When I introduced the sparse on-entry cache, it is limited to 15 unique ranges for any given ssa-name, then  it reverts to varying for any additional values to be safe.

The cache propagation engine works by combining incoming ranges and if that is different than that current on-entry range, stores that  and proceeds to push this new value on outgoing edges.

What was happening here is this new value that was calculated was beyond the 15 allowed. When it was stored, it was stored as VARYING.  This block was in a cycle feeding back to itself, so when it calculated the on-enty value again and compared, it though it needed to update again.  Which of course failed again... and the endless loop of trying to propagate was born.

This patch checks that the value being stored to the cache is the same as the value when it is immediately reloaded. If that fails, we stop trying to propagate that value.
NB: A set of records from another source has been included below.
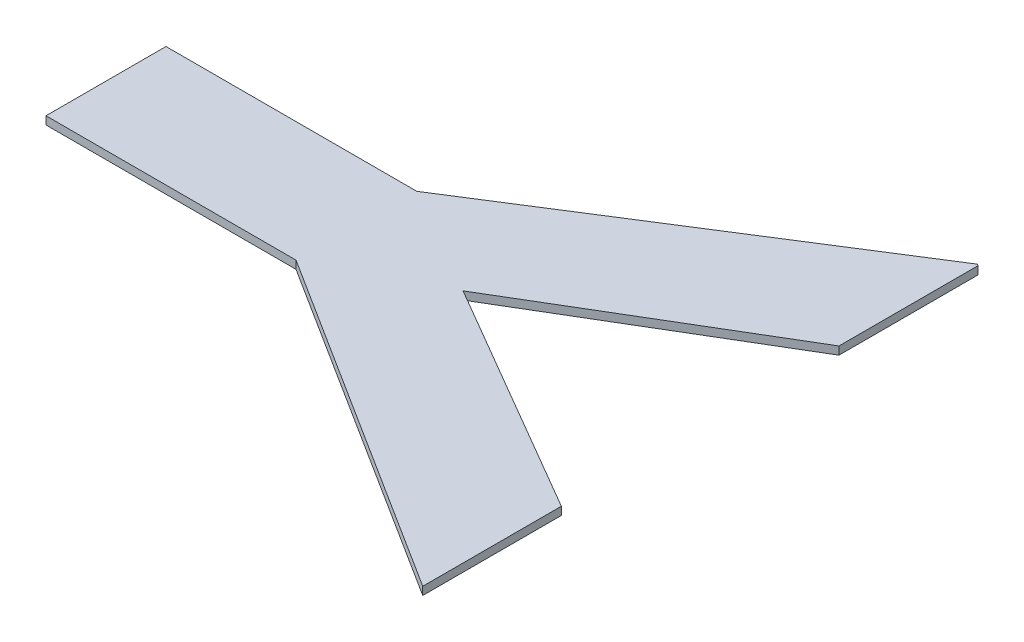
ISO-10303-21;
HEADER;
FILE_DESCRIPTION(('STEP AP214'),'2;1');
FILE_NAME('part.step','',(''),(''),'','','');
FILE_SCHEMA(('AUTOMOTIVE_DESIGN { 1 0 10303 214 1 1 1 1 }'));
ENDSEC;
DATA;
#1=APPLICATION_CONTEXT('core data for automotive mechanical design processes');
#2=APPLICATION_PROTOCOL_DEFINITION('international standard','automotive_design',2000,#1);
#3=PRODUCT_CONTEXT('',#1,'mechanical');
#4=PRODUCT('Part','Part','',(#3));
#5=PRODUCT_RELATED_PRODUCT_CATEGORY('part','',(#4));
#6=PRODUCT_DEFINITION_FORMATION('','',#4);
#7=PRODUCT_DEFINITION_CONTEXT('part definition',#1,'design');
#8=PRODUCT_DEFINITION('design','',#6,#7);
#9=PRODUCT_DEFINITION_SHAPE('','',#8);
#10=(LENGTH_UNIT() NAMED_UNIT(*) SI_UNIT(.MILLI.,.METRE.));
#11=(NAMED_UNIT(*) PLANE_ANGLE_UNIT() SI_UNIT($,.RADIAN.));
#12=(NAMED_UNIT(*) SI_UNIT($,.STERADIAN.) SOLID_ANGLE_UNIT());
#13=UNCERTAINTY_MEASURE_WITH_UNIT(LENGTH_MEASURE(1.E-05),#10,'distance_accuracy_value','');
#14=(GEOMETRIC_REPRESENTATION_CONTEXT(3) GLOBAL_UNCERTAINTY_ASSIGNED_CONTEXT((#13)) GLOBAL_UNIT_ASSIGNED_CONTEXT((#10,
#11,#12)) REPRESENTATION_CONTEXT('',''));
#15=CARTESIAN_POINT('',(0.,0.,0.));
#16=DIRECTION('',(0.,0.,1.));
#17=DIRECTION('',(1.,0.,0.));
#18=AXIS2_PLACEMENT_3D('',#15,#16,#17);
#19=CARTESIAN_POINT('',(-8.631267976045,2.15,0.));
#20=DIRECTION('',(0.,1.,0.));
#21=DIRECTION('',(0.,0.,1.));
#22=AXIS2_PLACEMENT_3D('',#19,#20,#21);
#23=PLANE('',#22);
#24=DIRECTION('',(-1.,0.,0.));
#25=VECTOR('',#24,1.);
#26=CARTESIAN_POINT('',(-8.631267976045,2.15,-0.805008260678));
#27=LINE('',#26,#25);
#28=CARTESIAN_POINT('',(0.513530626071366,2.15,-0.805008260677422));
#29=VERTEX_POINT('',#28);
#30=CARTESIAN_POINT('',(0.200543494761,2.15,-0.805008260678));
#31=VERTEX_POINT('',#30);
#32=EDGE_CURVE('E149',#29,#31,#27,.T.);
#33=ORIENTED_EDGE('',*,*,#32,.F.);
#34=DIRECTION('',(-0.845078836052363,0.,0.53464171260423));
#35=VECTOR('',#34,1.);
#36=CARTESIAN_POINT('',(-6.381016962165,2.15,3.556848376778));
#37=LINE('',#36,#35);
#38=CARTESIAN_POINT('',(0.941954956039253,2.15,-1.07605222453429));
#39=VERTEX_POINT('',#38);
#40=EDGE_CURVE('E144',#39,#29,#37,.T.);
#41=ORIENTED_EDGE('',*,*,#40,.F.);
#42=DIRECTION('',(0.844742850910072,0.,0.535172416924045));
#43=VECTOR('',#42,1.);
#44=CARTESIAN_POINT('',(-5.402940834483,2.15,-5.095752671465));
#45=LINE('',#44,#43);
#46=CARTESIAN_POINT('',(0.943995590928864,2.15,-1.07475941512578));
#47=VERTEX_POINT('',#46);
#48=EDGE_CURVE('E141',#39,#47,#45,.T.);
#49=ORIENTED_EDGE('',*,*,#48,.T.);
#50=DIRECTION('',(0.,0.,-1.));
#51=VECTOR('',#50,1.);
#52=CARTESIAN_POINT('',(0.943995590929,2.15,0.));
#53=LINE('',#52,#51);
#54=CARTESIAN_POINT('',(0.943995590929112,2.15,-0.901298743012813));
#55=VERTEX_POINT('',#54);
#56=EDGE_CURVE('E134',#55,#47,#53,.T.);
#57=ORIENTED_EDGE('',*,*,#56,.F.);
#58=DIRECTION('',(0.859308687773046,0.,-0.511457309184027));
#59=VECTOR('',#58,1.);
#60=CARTESIAN_POINT('',(-6.522608920344,2.15,3.542796267797));
#61=LINE('',#60,#59);
#62=CARTESIAN_POINT('',(0.649956497286982,2.15,-0.726287776907821));
#63=VERTEX_POINT('',#62);
#64=EDGE_CURVE('E128',#63,#55,#61,.T.);
#65=ORIENTED_EDGE('',*,*,#64,.F.);
#66=DIRECTION('',(-0.86394406409241,0.,-0.503587781940239));
#67=VECTOR('',#66,1.);
#68=CARTESIAN_POINT('',(-5.961556138979,2.15,-4.580098598867));
#69=LINE('',#68,#67);
#70=CARTESIAN_POINT('',(0.943995590928875,2.15,-0.554894163449785));
#71=VERTEX_POINT('',#70);
#72=EDGE_CURVE('E122',#71,#63,#69,.T.);
#73=ORIENTED_EDGE('',*,*,#72,.F.);
#74=DIRECTION('',(0.,0.,-1.));
#75=VECTOR('',#74,1.);
#76=CARTESIAN_POINT('',(0.943995590929,2.15,0.));
#77=LINE('',#76,#75);
#78=CARTESIAN_POINT('',(0.943995590928862,2.15,-0.381950255999783));
#79=VERTEX_POINT('',#78);
#80=EDGE_CURVE('E116',#79,#71,#77,.T.);
#81=ORIENTED_EDGE('',*,*,#80,.F.);
#82=DIRECTION('',(0.844742850910072,0.,0.535172416924045));
#83=VECTOR('',#82,1.);
#84=CARTESIAN_POINT('',(-5.716148128282,2.15,-4.601370648171));
#85=LINE('',#84,#83);
#86=CARTESIAN_POINT('',(0.512497096743925,2.15,-0.655318763093879));
#87=VERTEX_POINT('',#86);
#88=EDGE_CURVE('E92',#87,#79,#85,.T.);
#89=ORIENTED_EDGE('',*,*,#88,.F.);
#90=DIRECTION('',(1.,0.,0.));
#91=VECTOR('',#90,1.);
#92=CARTESIAN_POINT('',(-8.631267976045,2.15,-0.655318763094));
#93=LINE('',#92,#91);
#94=CARTESIAN_POINT('',(0.200543494761,2.15,-0.655318763094));
#95=VERTEX_POINT('',#94);
#96=EDGE_CURVE('E94',#95,#87,#93,.T.);
#97=ORIENTED_EDGE('',*,*,#96,.F.);
#98=DIRECTION('',(0.,0.,1.));
#99=VECTOR('',#98,1.);
#100=CARTESIAN_POINT('',(0.200543494761,2.15,0.));
#101=LINE('',#100,#99);
#102=EDGE_CURVE('E20',#31,#95,#101,.T.);
#103=ORIENTED_EDGE('',*,*,#102,.F.);
#104=EDGE_LOOP('',(#33,#41,#49,#57,#65,#73,#81,#89,#97,#103));
#105=FACE_BOUND('',#104,.T.);
#106=ADVANCED_FACE('F17',(#105),#23,.F.);
#107=CARTESIAN_POINT('',(0.200543494761,2.16,0.));
#108=DIRECTION('',(-1.,0.,0.));
#109=DIRECTION('',(0.,0.,1.));
#110=AXIS2_PLACEMENT_3D('',#107,#108,#109);
#111=PLANE('',#110);
#112=DIRECTION('',(0.,0.,1.));
#113=VECTOR('',#112,1.);
#114=CARTESIAN_POINT('',(0.200543494761,2.16,0.));
#115=LINE('',#114,#113);
#116=CARTESIAN_POINT('',(0.200543494761,2.16,-0.805008260678));
#117=VERTEX_POINT('',#116);
#118=CARTESIAN_POINT('',(0.200543494761,2.16,-0.655318763094));
#119=VERTEX_POINT('',#118);
#120=EDGE_CURVE('E153',#117,#119,#115,.T.);
#121=ORIENTED_EDGE('',*,*,#120,.F.);
#122=DIRECTION('',(0.,1.,0.));
#123=VECTOR('',#122,1.);
#124=CARTESIAN_POINT('',(0.200543494761,2.16,-0.805008260678));
#125=LINE('',#124,#123);
#126=EDGE_CURVE('E105',#31,#117,#125,.T.);
#127=ORIENTED_EDGE('',*,*,#126,.F.);
#128=ORIENTED_EDGE('',*,*,#102,.T.);
#129=DIRECTION('',(0.,1.,0.));
#130=VECTOR('',#129,1.);
#131=CARTESIAN_POINT('',(0.200543494761,2.16,-0.655318763094));
#132=LINE('',#131,#130);
#133=EDGE_CURVE('E100',#119,#95,#132,.F.);
#134=ORIENTED_EDGE('',*,*,#133,.F.);
#135=EDGE_LOOP('',(#121,#127,#128,#134));
#136=FACE_BOUND('',#135,.T.);
#137=ADVANCED_FACE('F102',(#136),#111,.T.);
#138=CARTESIAN_POINT('',(-8.631267976045,2.16,-0.655318763094));
#139=DIRECTION('',(0.,0.,1.));
#140=DIRECTION('',(1.,0.,0.));
#141=AXIS2_PLACEMENT_3D('',#138,#139,#140);
#142=PLANE('',#141);
#143=DIRECTION('',(1.,0.,0.));
#144=VECTOR('',#143,1.);
#145=CARTESIAN_POINT('',(-8.631267976045,2.16,-0.655318763094));
#146=LINE('',#145,#144);
#147=CARTESIAN_POINT('',(0.512497096743925,2.16,-0.655318763093879));
#148=VERTEX_POINT('',#147);
#149=EDGE_CURVE('E109',#119,#148,#146,.T.);
#150=ORIENTED_EDGE('',*,*,#149,.F.);
#151=ORIENTED_EDGE('',*,*,#133,.T.);
#152=ORIENTED_EDGE('',*,*,#96,.T.);
#153=DIRECTION('',(0.,1.,0.));
#154=VECTOR('',#153,1.);
#155=CARTESIAN_POINT('',(0.512497096743696,2.16,-0.655318763093517));
#156=LINE('',#155,#154);
#157=EDGE_CURVE('E112',#148,#87,#156,.F.);
#158=ORIENTED_EDGE('',*,*,#157,.F.);
#159=EDGE_LOOP('',(#150,#151,#152,#158));
#160=FACE_BOUND('',#159,.T.);
#161=ADVANCED_FACE('F107',(#160),#142,.T.);
#162=CARTESIAN_POINT('',(-5.716148128282,2.16,-4.601370648171));
#163=DIRECTION('',(-0.535172416924045,0.,0.844742850910072));
#164=DIRECTION('',(0.844742850910072,0.,0.535172416924045));
#165=AXIS2_PLACEMENT_3D('',#162,#163,#164);
#166=PLANE('',#165);
#167=DIRECTION('',(0.84474285091055,0.,0.535172416923291));
#168=VECTOR('',#167,1.);
#169=CARTESIAN_POINT('',(0.512497096744001,2.16,-0.655318763094));
#170=LINE('',#169,#168);
#171=CARTESIAN_POINT('',(0.943995590928726,2.16,-0.381950255999565));
#172=VERTEX_POINT('',#171);
#173=EDGE_CURVE('E156',#148,#172,#170,.T.);
#174=ORIENTED_EDGE('',*,*,#173,.F.);
#175=ORIENTED_EDGE('',*,*,#157,.T.);
#176=ORIENTED_EDGE('',*,*,#88,.T.);
#177=DIRECTION('',(0.,1.,0.));
#178=VECTOR('',#177,1.);
#179=CARTESIAN_POINT('',(0.943995590929,2.16,-0.381950256));
#180=LINE('',#179,#178);
#181=EDGE_CURVE('E119',#172,#79,#180,.F.);
#182=ORIENTED_EDGE('',*,*,#181,.F.);
#183=EDGE_LOOP('',(#174,#175,#176,#182));
#184=FACE_BOUND('',#183,.T.);
#185=ADVANCED_FACE('F212',(#184),#166,.T.);
#186=CARTESIAN_POINT('',(0.943995590929,2.16,0.));
#187=DIRECTION('',(1.,0.,0.));
#188=DIRECTION('',(0.,0.,-1.));
#189=AXIS2_PLACEMENT_3D('',#186,#187,#188);
#190=PLANE('',#189);
#191=DIRECTION('',(0.,0.,1.));
#192=VECTOR('',#191,1.);
#193=CARTESIAN_POINT('',(0.943995590929,2.16,0.));
#194=LINE('',#193,#192);
#195=CARTESIAN_POINT('',(0.943995590928875,2.16,-0.554894163449785));
#196=VERTEX_POINT('',#195);
#197=EDGE_CURVE('E159',#172,#196,#194,.F.);
#198=ORIENTED_EDGE('',*,*,#197,.F.);
#199=ORIENTED_EDGE('',*,*,#181,.T.);
#200=ORIENTED_EDGE('',*,*,#80,.T.);
#201=DIRECTION('',(0.,1.,0.));
#202=VECTOR('',#201,1.);
#203=CARTESIAN_POINT('',(0.943995590928501,2.16,-0.554894163449141));
#204=LINE('',#203,#202);
#205=EDGE_CURVE('E125',#196,#71,#204,.F.);
#206=ORIENTED_EDGE('',*,*,#205,.F.);
#207=EDGE_LOOP('',(#198,#199,#200,#206));
#208=FACE_BOUND('',#207,.T.);
#209=ADVANCED_FACE('F208',(#208),#190,.T.);
#210=CARTESIAN_POINT('',(-5.961556138979,2.16,-4.580098598867));
#211=DIRECTION('',(0.503587781940239,0.,-0.86394406409241));
#212=DIRECTION('',(-0.86394406409241,0.,-0.503587781940239));
#213=AXIS2_PLACEMENT_3D('',#210,#211,#212);
#214=PLANE('',#213);
#215=DIRECTION('',(-0.863944064093157,0.,-0.503587781938958));
#216=VECTOR('',#215,1.);
#217=CARTESIAN_POINT('',(0.943995590929,2.16,-0.55489416345));
#218=LINE('',#217,#216);
#219=CARTESIAN_POINT('',(0.649956497286921,2.16,-0.726287776907715));
#220=VERTEX_POINT('',#219);
#221=EDGE_CURVE('E162',#196,#220,#218,.T.);
#222=ORIENTED_EDGE('',*,*,#221,.F.);
#223=ORIENTED_EDGE('',*,*,#205,.T.);
#224=ORIENTED_EDGE('',*,*,#72,.T.);
#225=DIRECTION('',(0.,1.,0.));
#226=VECTOR('',#225,1.);
#227=CARTESIAN_POINT('',(0.649956497287173,2.16,-0.726287776907707));
#228=LINE('',#227,#226);
#229=EDGE_CURVE('E131',#220,#63,#228,.F.);
#230=ORIENTED_EDGE('',*,*,#229,.F.);
#231=EDGE_LOOP('',(#222,#223,#224,#230));
#232=FACE_BOUND('',#231,.T.);
#233=ADVANCED_FACE('F204',(#232),#214,.T.);
#234=CARTESIAN_POINT('',(-6.522608920344,2.16,3.542796267797));
#235=DIRECTION('',(0.511457309184027,0.,0.859308687773046));
#236=DIRECTION('',(0.859308687773046,0.,-0.511457309184027));
#237=AXIS2_PLACEMENT_3D('',#234,#235,#236);
#238=PLANE('',#237);
#239=DIRECTION('',(0.859308687772249,0.,-0.511457309185366));
#240=VECTOR('',#239,1.);
#241=CARTESIAN_POINT('',(0.649956497287,2.16,-0.726287776908));
#242=LINE('',#241,#240);
#243=CARTESIAN_POINT('',(0.943995590929223,2.16,-0.901298743012625));
#244=VERTEX_POINT('',#243);
#245=EDGE_CURVE('E165',#220,#244,#242,.T.);
#246=ORIENTED_EDGE('',*,*,#245,.F.);
#247=ORIENTED_EDGE('',*,*,#229,.T.);
#248=ORIENTED_EDGE('',*,*,#64,.T.);
#249=DIRECTION('',(0.,1.,0.));
#250=VECTOR('',#249,1.);
#251=CARTESIAN_POINT('',(0.943995590929,2.16,-0.901298743013));
#252=LINE('',#251,#250);
#253=EDGE_CURVE('E136',#244,#55,#252,.F.);
#254=ORIENTED_EDGE('',*,*,#253,.F.);
#255=EDGE_LOOP('',(#246,#247,#248,#254));
#256=FACE_BOUND('',#255,.T.);
#257=ADVANCED_FACE('F200',(#256),#238,.T.);
#258=CARTESIAN_POINT('',(0.943995590929,2.16,0.));
#259=DIRECTION('',(1.,0.,0.));
#260=DIRECTION('',(0.,0.,-1.));
#261=AXIS2_PLACEMENT_3D('',#258,#259,#260);
#262=PLANE('',#261);
#263=DIRECTION('',(0.,0.,1.));
#264=VECTOR('',#263,1.);
#265=CARTESIAN_POINT('',(0.943995590929,2.16,0.));
#266=LINE('',#265,#264);
#267=CARTESIAN_POINT('',(0.943995590928864,2.16,-1.07475941512578));
#268=VERTEX_POINT('',#267);
#269=EDGE_CURVE('E168',#244,#268,#266,.F.);
#270=ORIENTED_EDGE('',*,*,#269,.F.);
#271=ORIENTED_EDGE('',*,*,#253,.T.);
#272=ORIENTED_EDGE('',*,*,#56,.T.);
#273=DIRECTION('',(0.,1.,0.));
#274=VECTOR('',#273,1.);
#275=CARTESIAN_POINT('',(0.943995590928455,2.16,-1.07475941512514));
#276=LINE('',#275,#274);
#277=EDGE_CURVE('E139',#47,#268,#276,.T.);
#278=ORIENTED_EDGE('',*,*,#277,.T.);
#279=EDGE_LOOP('',(#270,#271,#272,#278));
#280=FACE_BOUND('',#279,.T.);
#281=ADVANCED_FACE('F197',(#280),#262,.T.);
#282=CARTESIAN_POINT('',(-5.402940834483,2.16,-5.095752671465));
#283=DIRECTION('',(-0.535172416924045,0.,0.844742850910072));
#284=DIRECTION('',(0.844742850910072,0.,0.535172416924045));
#285=AXIS2_PLACEMENT_3D('',#282,#283,#284);
#286=PLANE('',#285);
#287=DIRECTION('',(0.,1.,0.));
#288=VECTOR('',#287,1.);
#289=CARTESIAN_POINT('',(0.941954956040398,2.16,-1.07605222453279));
#290=LINE('',#289,#288);
#291=CARTESIAN_POINT('',(0.941954956039156,2.16,-1.07605222453414));
#292=VERTEX_POINT('',#291);
#293=EDGE_CURVE('E146',#292,#39,#290,.F.);
#294=ORIENTED_EDGE('',*,*,#293,.F.);
#295=DIRECTION('',(-0.844742850976254,0.,-0.53517241681958));
#296=VECTOR('',#295,1.);
#297=CARTESIAN_POINT('',(0.943995590929,2.16,-1.074759415126));
#298=LINE('',#297,#296);
#299=EDGE_CURVE('E171',#268,#292,#298,.T.);
#300=ORIENTED_EDGE('',*,*,#299,.F.);
#301=ORIENTED_EDGE('',*,*,#277,.F.);
#302=ORIENTED_EDGE('',*,*,#48,.F.);
#303=EDGE_LOOP('',(#294,#300,#301,#302));
#304=FACE_BOUND('',#303,.T.);
#305=ADVANCED_FACE('F181',(#304),#286,.F.);
#306=CARTESIAN_POINT('',(-6.381016962165,2.16,3.556848376778));
#307=DIRECTION('',(-0.53464171260423,0.,-0.845078836052363));
#308=DIRECTION('',(-0.845078836052363,0.,0.53464171260423));
#309=AXIS2_PLACEMENT_3D('',#306,#307,#308);
#310=PLANE('',#309);
#311=DIRECTION('',(-0.845078836052488,0.,0.534641712604032));
#312=VECTOR('',#311,1.);
#313=CARTESIAN_POINT('',(0.941954956039,2.16,-1.076052224535));
#314=LINE('',#313,#312);
#315=CARTESIAN_POINT('',(0.513530626071731,2.16,-0.805008260676845));
#316=VERTEX_POINT('',#315);
#317=EDGE_CURVE('E26',#292,#316,#314,.T.);
#318=ORIENTED_EDGE('',*,*,#317,.F.);
#319=ORIENTED_EDGE('',*,*,#293,.T.);
#320=ORIENTED_EDGE('',*,*,#40,.T.);
#321=DIRECTION('',(0.,1.,0.));
#322=VECTOR('',#321,1.);
#323=CARTESIAN_POINT('',(0.513530626071001,2.16,-0.805008260678));
#324=LINE('',#323,#322);
#325=EDGE_CURVE('E35',#316,#29,#324,.F.);
#326=ORIENTED_EDGE('',*,*,#325,.F.);
#327=EDGE_LOOP('',(#318,#319,#320,#326));
#328=FACE_BOUND('',#327,.T.);
#329=ADVANCED_FACE('F178',(#328),#310,.T.);
#330=CARTESIAN_POINT('',(-8.631267976045,2.16,-0.805008260678));
#331=DIRECTION('',(0.,0.,-1.));
#332=DIRECTION('',(-1.,0.,0.));
#333=AXIS2_PLACEMENT_3D('',#330,#331,#332);
#334=PLANE('',#333);
#335=DIRECTION('',(1.,0.,0.));
#336=VECTOR('',#335,1.);
#337=CARTESIAN_POINT('',(-8.631267976045,2.16,-0.805008260678));
#338=LINE('',#337,#336);
#339=EDGE_CURVE('E11',#316,#117,#338,.F.);
#340=ORIENTED_EDGE('',*,*,#339,.F.);
#341=ORIENTED_EDGE('',*,*,#325,.T.);
#342=ORIENTED_EDGE('',*,*,#32,.T.);
#343=ORIENTED_EDGE('',*,*,#126,.T.);
#344=EDGE_LOOP('',(#340,#341,#342,#343));
#345=FACE_BOUND('',#344,.T.);
#346=ADVANCED_FACE('F184',(#345),#334,.T.);
#347=CARTESIAN_POINT('',(-8.631267976045,2.16,0.));
#348=DIRECTION('',(0.,1.,0.));
#349=DIRECTION('',(0.,0.,1.));
#350=AXIS2_PLACEMENT_3D('',#347,#348,#349);
#351=PLANE('',#350);
#352=ORIENTED_EDGE('',*,*,#317,.T.);
#353=ORIENTED_EDGE('',*,*,#339,.T.);
#354=ORIENTED_EDGE('',*,*,#120,.T.);
#355=ORIENTED_EDGE('',*,*,#149,.T.);
#356=ORIENTED_EDGE('',*,*,#173,.T.);
#357=ORIENTED_EDGE('',*,*,#197,.T.);
#358=ORIENTED_EDGE('',*,*,#221,.T.);
#359=ORIENTED_EDGE('',*,*,#245,.T.);
#360=ORIENTED_EDGE('',*,*,#269,.T.);
#361=ORIENTED_EDGE('',*,*,#299,.T.);
#362=EDGE_LOOP('',(#352,#353,#354,#355,#356,#357,#358,#359,#360,#361));
#363=FACE_BOUND('',#362,.T.);
#364=ADVANCED_FACE('F176',(#363),#351,.T.);
#365=CLOSED_SHELL('',(#106,#137,#161,#185,#209,#233,#257,#281,#305,#329,#346,#364));
#366=MANIFOLD_SOLID_BREP('B1',#365);
#367=ADVANCED_BREP_SHAPE_REPRESENTATION('',(#18,#366),#14);
#368=SHAPE_DEFINITION_REPRESENTATION(#9,#367);
ENDSEC;
END-ISO-10303-21;

Please check that it solves both this problam, and likely the 101148 problem
Comment 18 Martin Liška 2021-06-22 15:08:01 UTC
Thank you for the patch. I can confirm it fixes both the attached yarpgen test-case and cam4 finishes (PR101148).
Comment 19 GCC Commits 2021-06-23 14:26:53 UTC
The master branch has been updated by Andrew Macleod <amacleod@gcc.gnu.org>:

https://gcc.gnu.org/g:a03e944e92ee51ae583382079d4739b64bd93b35

commit r12-1750-ga03e944e92ee51ae583382079d4739b64bd93b35
Author: Andrew MacLeod <amacleod@redhat.com>
Date:   Tue Jun 22 17:46:05 2021 -0400

    Do not continue propagating values which cannot be set properly.
    
    If the on-entry cache cannot properly represent a range, do not continue
    trying to propagate it.
    
            PR tree-optimization/101148
            PR tree-optimization/101014
            * gimple-range-cache.cc (ranger_cache::ranger_cache): Adjust.
            (ranger_cache::~ranger_cache): Adjust.
            (ranger_cache::block_range): Check if propagation disallowed.
            (ranger_cache::propagate_cache): Disallow propagation if new value
            can't be stored properly.
            * gimple-range-cache.h (ranger_cache::m_propfail): New member.
Comment 20 Andrew Macleod 2021-06-23 14:31:03 UTC
Hopefully this closes it for good.  The final patch needed to adjust the propagation engine to avoid propagating the failed value more than once.  The original patch simply stopped propagating immediately, and that caused other issues.
Comment 21 GCC Commits 2021-07-14 21:58:48 UTC
The releases/gcc-11 branch has been updated by Andrew Macleod <amacleod@gcc.gnu.org>:

https://gcc.gnu.org/g:85c22c517e9571d1f0f487fd708fbb01f36f172a

commit r11-8750-g85c22c517e9571d1f0f487fd708fbb01f36f172a
Author: Andrew MacLeod <amacleod@redhat.com>
Date:   Tue Jun 22 17:46:05 2021 -0400

    Do not continue propagating values which cannot be set properly.
    
    If the on-entry cache cannot properly represent a range, do not continue
    trying to propagate it.
    
            PR tree-optimization/101148
            PR tree-optimization/101014
            * gimple-range-cache.cc (ranger_cache::ranger_cache): Adjust.
            (ranger_cache::~ranger_cache): Adjust.
            (ranger_cache::block_range): Check if propagation disallowed.
            (ranger_cache::propagate_cache): Disallow propagation if new value
            can't be stored properly.
            * gimple-range-cache.h (ranger_cache::m_propfail): New member.